We now create two subspaces: the space T of tile co-ordinates  $(t_i,t_j)$ , and the space F of tile offsets  $(f_i,f_j)$ . We apply the canonical layout function  $L_C$  in the F-space (to keep each tile contiguous in memory) and a layout function  $L_T$  in the T-space (to obtain the starting memory location of the tile), and define our recursive layout function L as their sum:

$$L(i, j; m, n, t_R, t_C) = L(t_i, t_j, f_i, f_j; m, n, t_R, t_C)$$

$$= L_T(t_i, t_j; m, n, t_R, t_C)$$

$$+L_C(f_i, f_j; t_R, t_C)$$

$$= t_R t_C \mathbb{S}(t_i, t_j) + L_C(f_i, f_j; t_R, t_C)$$
 (3)

where  $\mathbb{S}(i,j)$  gives the position along the space-filling curve (*i.e.*, the pre-image) of the element at rectangular co-ordinates (i,j).

Equation (3) defines a family of layout functions parameterized by the function  $\mathbb S$  characterizing the space-filling curve. All of these recursive layout functions have the following operational interpretation following from Hilbert's construction [18]. Divide the original matrix into four quadrants, and lay out these submatrices in memory in an order specified by  $L_T$ . A  $k_R \times k_C$  submatrix with  $k_R > t_R$  and  $k_C > t_C$  is laid out recursively using  $L_T$ ; a  $t_R \times t_C$  tile is laid out using  $L_C$ .

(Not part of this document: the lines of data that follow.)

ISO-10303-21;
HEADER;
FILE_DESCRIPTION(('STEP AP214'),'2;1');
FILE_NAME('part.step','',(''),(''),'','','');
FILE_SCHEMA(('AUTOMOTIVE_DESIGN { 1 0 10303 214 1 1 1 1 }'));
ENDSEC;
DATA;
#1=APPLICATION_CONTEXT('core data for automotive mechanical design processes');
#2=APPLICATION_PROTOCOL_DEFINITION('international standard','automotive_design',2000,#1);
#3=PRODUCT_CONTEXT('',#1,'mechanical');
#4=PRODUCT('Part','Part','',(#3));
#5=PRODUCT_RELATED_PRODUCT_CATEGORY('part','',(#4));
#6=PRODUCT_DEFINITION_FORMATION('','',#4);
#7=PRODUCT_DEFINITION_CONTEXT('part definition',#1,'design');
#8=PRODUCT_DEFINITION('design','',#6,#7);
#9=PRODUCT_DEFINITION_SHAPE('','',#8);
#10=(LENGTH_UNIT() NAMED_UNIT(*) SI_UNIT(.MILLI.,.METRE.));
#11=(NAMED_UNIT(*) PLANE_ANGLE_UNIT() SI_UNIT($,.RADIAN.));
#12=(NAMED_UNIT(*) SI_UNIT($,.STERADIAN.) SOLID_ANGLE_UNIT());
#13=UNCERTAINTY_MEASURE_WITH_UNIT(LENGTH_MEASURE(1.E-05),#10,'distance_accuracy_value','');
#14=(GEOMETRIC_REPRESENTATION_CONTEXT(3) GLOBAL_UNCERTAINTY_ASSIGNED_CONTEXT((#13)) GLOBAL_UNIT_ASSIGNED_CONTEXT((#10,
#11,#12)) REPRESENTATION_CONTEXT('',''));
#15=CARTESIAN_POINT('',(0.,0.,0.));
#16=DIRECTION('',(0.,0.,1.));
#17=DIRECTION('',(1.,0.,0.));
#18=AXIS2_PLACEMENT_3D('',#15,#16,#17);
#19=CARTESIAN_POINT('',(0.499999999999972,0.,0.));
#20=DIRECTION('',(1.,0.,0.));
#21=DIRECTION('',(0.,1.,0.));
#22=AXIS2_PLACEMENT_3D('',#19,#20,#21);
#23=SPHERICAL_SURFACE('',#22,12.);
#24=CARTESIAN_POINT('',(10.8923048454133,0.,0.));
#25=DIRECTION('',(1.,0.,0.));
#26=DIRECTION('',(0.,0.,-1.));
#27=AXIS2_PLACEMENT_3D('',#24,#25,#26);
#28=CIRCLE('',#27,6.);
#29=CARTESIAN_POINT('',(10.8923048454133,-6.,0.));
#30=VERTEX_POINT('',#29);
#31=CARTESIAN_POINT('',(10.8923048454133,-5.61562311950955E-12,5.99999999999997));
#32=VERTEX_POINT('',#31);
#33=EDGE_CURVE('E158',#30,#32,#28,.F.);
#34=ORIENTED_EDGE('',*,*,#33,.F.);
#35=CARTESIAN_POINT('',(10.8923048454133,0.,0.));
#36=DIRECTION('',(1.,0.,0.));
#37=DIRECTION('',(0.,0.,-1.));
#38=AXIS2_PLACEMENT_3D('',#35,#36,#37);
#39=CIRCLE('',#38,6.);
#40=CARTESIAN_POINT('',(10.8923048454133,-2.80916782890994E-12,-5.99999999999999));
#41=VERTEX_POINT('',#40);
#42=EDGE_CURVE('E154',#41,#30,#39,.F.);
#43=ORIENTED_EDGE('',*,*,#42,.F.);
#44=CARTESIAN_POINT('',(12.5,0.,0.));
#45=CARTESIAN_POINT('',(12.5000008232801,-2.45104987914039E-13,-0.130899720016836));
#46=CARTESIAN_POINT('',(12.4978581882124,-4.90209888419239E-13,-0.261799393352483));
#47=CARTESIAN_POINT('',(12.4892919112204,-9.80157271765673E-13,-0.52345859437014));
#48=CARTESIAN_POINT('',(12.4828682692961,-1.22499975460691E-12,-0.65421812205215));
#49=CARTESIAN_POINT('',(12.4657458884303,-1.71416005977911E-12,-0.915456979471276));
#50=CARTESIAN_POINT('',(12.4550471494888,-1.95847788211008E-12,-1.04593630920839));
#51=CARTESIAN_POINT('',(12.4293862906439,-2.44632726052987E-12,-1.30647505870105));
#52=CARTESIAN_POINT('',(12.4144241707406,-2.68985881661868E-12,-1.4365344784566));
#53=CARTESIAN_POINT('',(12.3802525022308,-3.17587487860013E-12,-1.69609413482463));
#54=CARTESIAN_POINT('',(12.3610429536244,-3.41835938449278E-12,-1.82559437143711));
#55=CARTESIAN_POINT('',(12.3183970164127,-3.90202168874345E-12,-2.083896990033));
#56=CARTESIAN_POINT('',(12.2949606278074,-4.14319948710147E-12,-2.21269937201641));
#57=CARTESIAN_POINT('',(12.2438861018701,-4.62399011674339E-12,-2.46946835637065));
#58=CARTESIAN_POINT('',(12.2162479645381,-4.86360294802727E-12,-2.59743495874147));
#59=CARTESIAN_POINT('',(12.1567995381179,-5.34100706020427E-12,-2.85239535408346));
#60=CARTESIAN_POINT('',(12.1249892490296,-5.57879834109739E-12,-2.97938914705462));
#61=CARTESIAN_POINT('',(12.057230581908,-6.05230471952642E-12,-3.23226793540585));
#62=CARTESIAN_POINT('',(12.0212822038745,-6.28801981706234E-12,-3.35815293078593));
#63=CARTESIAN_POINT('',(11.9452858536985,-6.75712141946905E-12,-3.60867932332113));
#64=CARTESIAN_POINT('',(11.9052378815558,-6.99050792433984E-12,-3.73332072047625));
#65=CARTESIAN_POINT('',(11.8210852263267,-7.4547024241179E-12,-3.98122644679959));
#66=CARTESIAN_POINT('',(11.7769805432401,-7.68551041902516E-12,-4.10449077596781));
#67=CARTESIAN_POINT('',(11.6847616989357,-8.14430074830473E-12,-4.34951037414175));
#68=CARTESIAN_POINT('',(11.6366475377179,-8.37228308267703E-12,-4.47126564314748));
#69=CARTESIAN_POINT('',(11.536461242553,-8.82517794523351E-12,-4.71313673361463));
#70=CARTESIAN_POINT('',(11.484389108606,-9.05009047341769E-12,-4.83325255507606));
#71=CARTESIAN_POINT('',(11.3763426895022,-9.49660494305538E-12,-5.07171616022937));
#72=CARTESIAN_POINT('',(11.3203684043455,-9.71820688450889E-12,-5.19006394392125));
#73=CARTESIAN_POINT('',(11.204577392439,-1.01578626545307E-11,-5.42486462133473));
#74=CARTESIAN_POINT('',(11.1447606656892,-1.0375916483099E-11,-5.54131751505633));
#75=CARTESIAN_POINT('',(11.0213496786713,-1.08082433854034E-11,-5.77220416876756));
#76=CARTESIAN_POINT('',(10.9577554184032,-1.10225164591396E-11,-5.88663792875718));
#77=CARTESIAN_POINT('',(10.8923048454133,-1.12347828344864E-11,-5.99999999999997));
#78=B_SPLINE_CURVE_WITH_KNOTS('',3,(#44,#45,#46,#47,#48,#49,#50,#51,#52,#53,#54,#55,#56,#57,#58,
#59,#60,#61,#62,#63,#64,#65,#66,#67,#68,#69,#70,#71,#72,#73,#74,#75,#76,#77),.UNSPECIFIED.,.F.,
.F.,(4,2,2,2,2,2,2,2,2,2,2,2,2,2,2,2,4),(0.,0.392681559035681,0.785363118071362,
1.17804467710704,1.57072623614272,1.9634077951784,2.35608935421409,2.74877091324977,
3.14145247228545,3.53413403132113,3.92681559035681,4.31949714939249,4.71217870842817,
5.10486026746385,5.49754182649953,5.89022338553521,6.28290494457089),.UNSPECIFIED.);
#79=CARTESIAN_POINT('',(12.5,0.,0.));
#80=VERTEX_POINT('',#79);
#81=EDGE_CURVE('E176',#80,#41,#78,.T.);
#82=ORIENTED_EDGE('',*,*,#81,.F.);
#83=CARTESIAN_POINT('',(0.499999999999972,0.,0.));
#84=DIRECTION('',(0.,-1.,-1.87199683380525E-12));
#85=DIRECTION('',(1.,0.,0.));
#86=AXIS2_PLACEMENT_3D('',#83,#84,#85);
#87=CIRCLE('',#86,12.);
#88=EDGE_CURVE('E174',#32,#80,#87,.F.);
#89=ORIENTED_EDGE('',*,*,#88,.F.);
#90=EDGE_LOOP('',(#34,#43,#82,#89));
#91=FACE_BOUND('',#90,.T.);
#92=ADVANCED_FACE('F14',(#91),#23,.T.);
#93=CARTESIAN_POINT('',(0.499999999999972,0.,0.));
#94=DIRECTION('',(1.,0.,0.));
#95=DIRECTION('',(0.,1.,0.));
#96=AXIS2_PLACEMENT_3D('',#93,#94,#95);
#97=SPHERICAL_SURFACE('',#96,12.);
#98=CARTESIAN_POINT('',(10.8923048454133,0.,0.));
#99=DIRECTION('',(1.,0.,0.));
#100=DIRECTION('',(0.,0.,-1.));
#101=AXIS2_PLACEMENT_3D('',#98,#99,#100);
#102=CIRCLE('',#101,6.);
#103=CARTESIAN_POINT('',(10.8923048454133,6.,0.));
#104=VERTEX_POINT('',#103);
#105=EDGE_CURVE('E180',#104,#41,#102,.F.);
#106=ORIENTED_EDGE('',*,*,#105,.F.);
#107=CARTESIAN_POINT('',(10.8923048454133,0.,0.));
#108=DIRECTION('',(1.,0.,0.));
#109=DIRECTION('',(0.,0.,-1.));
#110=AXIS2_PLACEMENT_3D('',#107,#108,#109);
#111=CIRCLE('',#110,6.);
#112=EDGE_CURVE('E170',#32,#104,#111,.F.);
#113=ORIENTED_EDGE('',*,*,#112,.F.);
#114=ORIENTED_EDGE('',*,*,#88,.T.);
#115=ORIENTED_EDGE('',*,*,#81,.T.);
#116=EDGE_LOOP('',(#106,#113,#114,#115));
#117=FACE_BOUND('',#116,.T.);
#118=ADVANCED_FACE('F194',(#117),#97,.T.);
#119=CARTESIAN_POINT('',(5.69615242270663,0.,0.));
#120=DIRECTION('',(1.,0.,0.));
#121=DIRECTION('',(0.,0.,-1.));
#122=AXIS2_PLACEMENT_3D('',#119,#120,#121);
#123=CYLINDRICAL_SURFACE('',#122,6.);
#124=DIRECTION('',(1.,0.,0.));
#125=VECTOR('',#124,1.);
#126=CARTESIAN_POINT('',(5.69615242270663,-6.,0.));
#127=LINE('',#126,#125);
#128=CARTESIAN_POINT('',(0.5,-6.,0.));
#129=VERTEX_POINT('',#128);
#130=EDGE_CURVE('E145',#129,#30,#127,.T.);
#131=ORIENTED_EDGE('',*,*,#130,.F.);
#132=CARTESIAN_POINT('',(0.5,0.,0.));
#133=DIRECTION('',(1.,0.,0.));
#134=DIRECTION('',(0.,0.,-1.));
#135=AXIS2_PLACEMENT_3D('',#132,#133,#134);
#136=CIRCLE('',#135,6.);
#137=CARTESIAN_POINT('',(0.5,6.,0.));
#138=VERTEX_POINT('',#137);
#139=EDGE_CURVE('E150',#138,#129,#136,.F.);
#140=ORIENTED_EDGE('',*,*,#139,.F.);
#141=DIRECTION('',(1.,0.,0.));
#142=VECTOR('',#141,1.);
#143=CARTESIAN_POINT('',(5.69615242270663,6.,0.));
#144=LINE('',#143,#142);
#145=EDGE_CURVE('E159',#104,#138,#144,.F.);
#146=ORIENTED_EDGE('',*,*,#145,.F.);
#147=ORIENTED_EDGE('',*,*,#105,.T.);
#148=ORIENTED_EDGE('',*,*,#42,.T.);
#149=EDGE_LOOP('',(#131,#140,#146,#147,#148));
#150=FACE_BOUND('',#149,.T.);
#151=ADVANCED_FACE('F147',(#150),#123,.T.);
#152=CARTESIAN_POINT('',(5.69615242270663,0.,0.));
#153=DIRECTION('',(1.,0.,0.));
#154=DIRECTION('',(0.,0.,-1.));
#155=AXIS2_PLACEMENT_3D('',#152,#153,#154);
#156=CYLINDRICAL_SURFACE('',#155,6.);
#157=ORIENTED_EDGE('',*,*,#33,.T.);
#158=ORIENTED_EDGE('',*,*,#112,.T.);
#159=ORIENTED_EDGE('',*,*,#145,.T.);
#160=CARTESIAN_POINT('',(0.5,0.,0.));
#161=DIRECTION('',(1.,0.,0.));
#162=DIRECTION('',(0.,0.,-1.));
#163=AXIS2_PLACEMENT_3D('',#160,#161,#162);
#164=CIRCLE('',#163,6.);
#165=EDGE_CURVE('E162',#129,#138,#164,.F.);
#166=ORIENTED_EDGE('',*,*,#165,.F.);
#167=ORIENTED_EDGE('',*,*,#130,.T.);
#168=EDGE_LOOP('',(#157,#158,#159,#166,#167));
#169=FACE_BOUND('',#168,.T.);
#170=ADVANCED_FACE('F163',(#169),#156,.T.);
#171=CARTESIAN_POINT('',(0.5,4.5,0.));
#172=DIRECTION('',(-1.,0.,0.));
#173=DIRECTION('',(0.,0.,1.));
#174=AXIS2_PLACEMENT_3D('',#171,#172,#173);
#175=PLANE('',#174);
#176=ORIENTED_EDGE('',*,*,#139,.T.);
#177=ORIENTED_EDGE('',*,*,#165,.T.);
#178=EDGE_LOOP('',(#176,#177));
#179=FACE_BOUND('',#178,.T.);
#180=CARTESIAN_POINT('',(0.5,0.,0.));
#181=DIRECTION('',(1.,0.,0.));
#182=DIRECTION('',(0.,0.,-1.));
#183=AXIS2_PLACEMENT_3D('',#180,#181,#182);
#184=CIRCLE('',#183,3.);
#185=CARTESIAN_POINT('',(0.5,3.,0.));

Space-filling curves are based on the idea of threading a region with self-similar line segments at multiple scales. The two fundamental operations involved are scaling and orienting (rotating) the line segments. We classify the five recursive layouts we consider in this paper into three classes based on the number of orientations needed. Three layouts (U-Morton, X-Morton, and Z-Morton) require a single orientation; one layout (Gray-Morton) requires two orientations; and one layout (Hilbert) requires four orientations. We now discuss the structure of these layouts and the computations involved in calculating their  $\mathbb S$  functions.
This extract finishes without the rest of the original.